# What's a good beginner song to learn for guitar?



## Lemoncholic (Jul 21, 2011)

When I mean beginner, I've been playing for about 4 days sort of. I want a song to work towards learning but I lack any sort of skill whatsoever at the moment.

I have been thinking something like Kiss me by Sixpence none the richer or Torn by Natalie Imbruglia and I'm not sure wuite how difficult they would be.

Any suggestions?


----------



## Askari_Nari (Jul 21, 2011)

Kiss Me uses a capo (if you don't know what this is, it's a plastic device that holds down all the strings at a particular fret, raising the pitch of the notes and therefore the pitch of the chords you play), so unless you have one you shouldn't try that song and Torn has a lot of chord switches and can be difficult for beginners. I'm not saying you shouldn't try these songs, but be prepared and be VERY patient (this goes for any song you try to learn). The Beatles have some good songs with simple chord progressions. Eleanor Rigby can be played with just two chords, an Em and a C, Yellow Submarine is another simple one.

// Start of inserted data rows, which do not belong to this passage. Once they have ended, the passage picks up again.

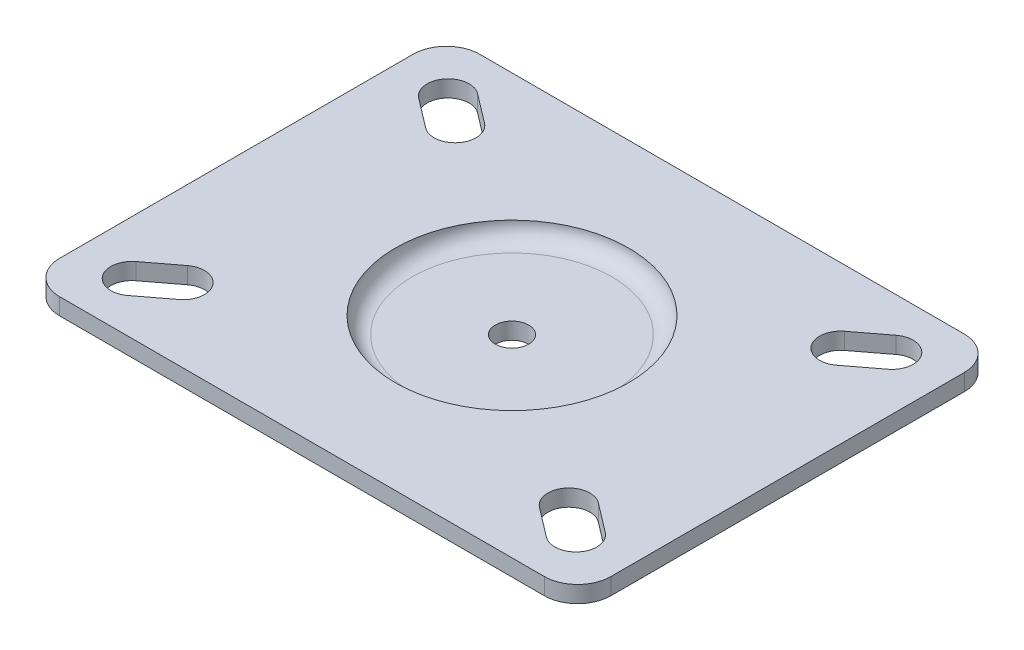
from build123d import *

# Parameters (mm, degrees)
SKETCH12_W          = 105
SKETCH12_H          = 80
BOSS_EXTRUDE6_DEPTH = 3.175
SKETCH15_R          = 25.4
BOSS_EXTRUDE7_DEPTH = 6.35
SKETCH16_R          = 22.225
CUT_EXTRUDE3_DEPTH  = 3.175
CUT_EXTRUDE2_REACH  = 68.307
SKETCH14_R          = 3.175
FILLET6_R           = 6.35
FILLET7_R           = 3.175


with BuildPart() as part:
    # Sketch12 → Boss-Extrude6 (new body)
    with BuildSketch(Plane(origin=(0, 0, 0), x_dir=(-1, 0, 0), z_dir=(0, 1, 0))):
        Rectangle(SKETCH12_W, SKETCH12_H)
    extrude(amount=BOSS_EXTRUDE6_DEPTH)

    # Sketch15 → Boss-Extrude7 (add)
    with BuildSketch(Plane(origin=(0, 3.175, 0), x_dir=(1, 0, 0), z_dir=(0, 1, 0))):
        with Locations(Location((0, 0, 0), (0, 0, 270))):
            Circle(SKETCH15_R)
    extrude(amount=-BOSS_EXTRUDE7_DEPTH)

    # Sketch16 → Cut-Extrude3 (cut)
    with BuildSketch(Plane(origin=(0, 3.175, 0), x_dir=(1, 0, 0), z_dir=(0, 1, 0))):
        with Locations(Location((0, 0, 0), (0, 0, 270))):
            Circle(SKETCH16_R)
    extrude(amount=-CUT_EXTRUDE3_DEPTH, mode=Mode.SUBTRACT)

    # Sketch14 → Cut-Extrude2 (cut, up to next)
    with BuildSketch(Plane(origin=(0, 3.175, 0), x_dir=(-1, 0, 0), z_dir=(0, 1, 0)), mode=Mode.PRIVATE) as cut_extrude2_sk1:
        with Locations(Location((0, 0, 0), (0, 0, 90))):
            Circle(SKETCH14_R)
    cut_extrude2_tool1 = extrude(cut_extrude2_sk1.sketch, amount=-CUT_EXTRUDE2_REACH, mode=Mode.PRIVATE) & part.part
    # Sketch14 → Cut-Extrude2 (cut, up to next)
    with BuildSketch(Plane(origin=(0, 3.175, 0), x_dir=(-1, 0, 0), z_dir=(0, 1, 0)), mode=Mode.PRIVATE) as cut_extrude2_sk2:
        with BuildLine():
            Line((44.708183881, 26.939424373), (39.140161841, 22.697121866))
            ThreePointArc((39.140161841, 22.697121866), (33.5342621, 23.454675886), (34.291816119, 29.060575627))
            Line((34.291816119, 29.060575627), (39.859838159, 33.302878134))
            ThreePointArc((39.859838159, 33.302878134), (45.4657379, 32.545324114), (44.708183881, 26.939424373))
        make_face()
    cut_extrude2_tool2 = extrude(cut_extrude2_sk2.sketch, amount=-CUT_EXTRUDE2_REACH, mode=Mode.PRIVATE) & part.part
    # Sketch14 → Cut-Extrude2 (cut, up to next)
    with BuildSketch(Plane(origin=(0, 3.175, 0), x_dir=(-1, 0, 0), z_dir=(0, 1, 0)), mode=Mode.PRIVATE) as cut_extrude2_sk3:
        with BuildLine():
            Line((-44.708183881, 26.939424373), (-39.140161841, 22.697121866))
            ThreePointArc((-39.140161841, 22.697121866), (-33.5342621, 23.454675886), (-34.291816119, 29.060575627))
            Line((-34.291816119, 29.060575627), (-39.859838159, 33.302878134))
            ThreePointArc((-39.859838159, 33.302878134), (-45.4657379, 32.545324114), (-44.708183881, 26.939424373))
        make_face()
    cut_extrude2_tool3 = extrude(cut_extrude2_sk3.sketch, amount=-CUT_EXTRUDE2_REACH, mode=Mode.PRIVATE) & part.part
    # Sketch14 → Cut-Extrude2 (cut, up to next)
    with BuildSketch(Plane(origin=(0, 3.175, 0), x_dir=(-1, 0, 0), z_dir=(0, 1, 0)), mode=Mode.PRIVATE) as cut_extrude2_sk4:
        with BuildLine():
            Line((-44.708183881, -26.939424373), (-39.140161841, -22.697121866))
            ThreePointArc((-39.140161841, -22.697121866), (-33.5342621, -23.454675886), (-34.291816119, -29.060575627))
            Line((-34.291816119, -29.060575627), (-39.859838159, -33.302878134))
            ThreePointArc((-39.859838159, -33.302878134), (-45.4657379, -32.545324114), (-44.708183881, -26.939424373))
        make_face()
    cut_extrude2_tool4 = extrude(cut_extrude2_sk4.sketch, amount=-CUT_EXTRUDE2_REACH, mode=Mode.PRIVATE) & part.part
    # Sketch14 → Cut-Extrude2 (cut, up to next)
    with BuildSketch(Plane(origin=(0, 3.175, 0), x_dir=(-1, 0, 0), z_dir=(0, 1, 0)), mode=Mode.PRIVATE) as cut_extrude2_sk5:
        with BuildLine():
            Line((44.708183881, -26.939424373), (39.140161841, -22.697121866))
            ThreePointArc((39.140161841, -22.697121866), (33.5342621, -23.454675886), (34.291816119, -29.060575627))
            Line((34.291816119, -29.060575627), (39.859838159, -33.302878134))
            ThreePointArc((39.859838159, -33.302878134), (45.4657379, -32.545324114), (44.708183881, -26.939424373))
        make_face()
    cut_extrude2_tool5 = extrude(cut_extrude2_sk5.sketch, amount=-CUT_EXTRUDE2_REACH, mode=Mode.PRIVATE) & part.part
    add(cut_extrude2_tool1.solids().sort_by_distance((0, 3.175, 0))[0], mode=Mode.SUBTRACT)
    add(cut_extrude2_tool2.solids().sort_by_distance((-39.5, 3.175, 28))[0], mode=Mode.SUBTRACT)
    add(cut_extrude2_tool3.solids().sort_by_distance((39.5, 3.175, 28))[0], mode=Mode.SUBTRACT)
    add(cut_extrude2_tool4.solids().sort_by_distance((39.5, 3.175, -28))[0], mode=Mode.SUBTRACT)
    add(cut_extrude2_tool5.solids().sort_by_distance((-39.5, 3.175, -28))[0], mode=Mode.SUBTRACT)

    # Fillet6
    fillet6_edges = [part.edges().sort_by_distance(p)[0] for p in [
        (52.5, 1.5875, 40),
        (-52.5, 1.5875, 40),
        (-52.5, 1.5875, -40),
        (52.5, 1.5875, -40),
    ]]
    fillet(fillet6_edges, radius=FILLET6_R)

    # Fillet7
    fillet7_edges = [part.edges().sort_by_distance(p)[0] for p in [
        (0, -3.175, -25.4),
        (0, 0, -22.225),
    ]]
    fillet(fillet7_edges, radius=FILLET7_R - 0.0001)  # a hair under: the kernel refuses the full size


solid = part.part

I don't know if this would be something you'd be interested in musically, but Nirvana songs are usually pretty easy, try some of those to get acquainted with power chords. Also, Foo Fighters also have some good songs that aren't too difficult, but they could be a little difficult.

Also, if you don't how, learn to read guitar tabs. Once you've learned this try looking up some songs with some riffs, like Come as You Are by Nirvana or Day Tripper by The Beatles. Also, try looking up videos on YouTube of how to play songs.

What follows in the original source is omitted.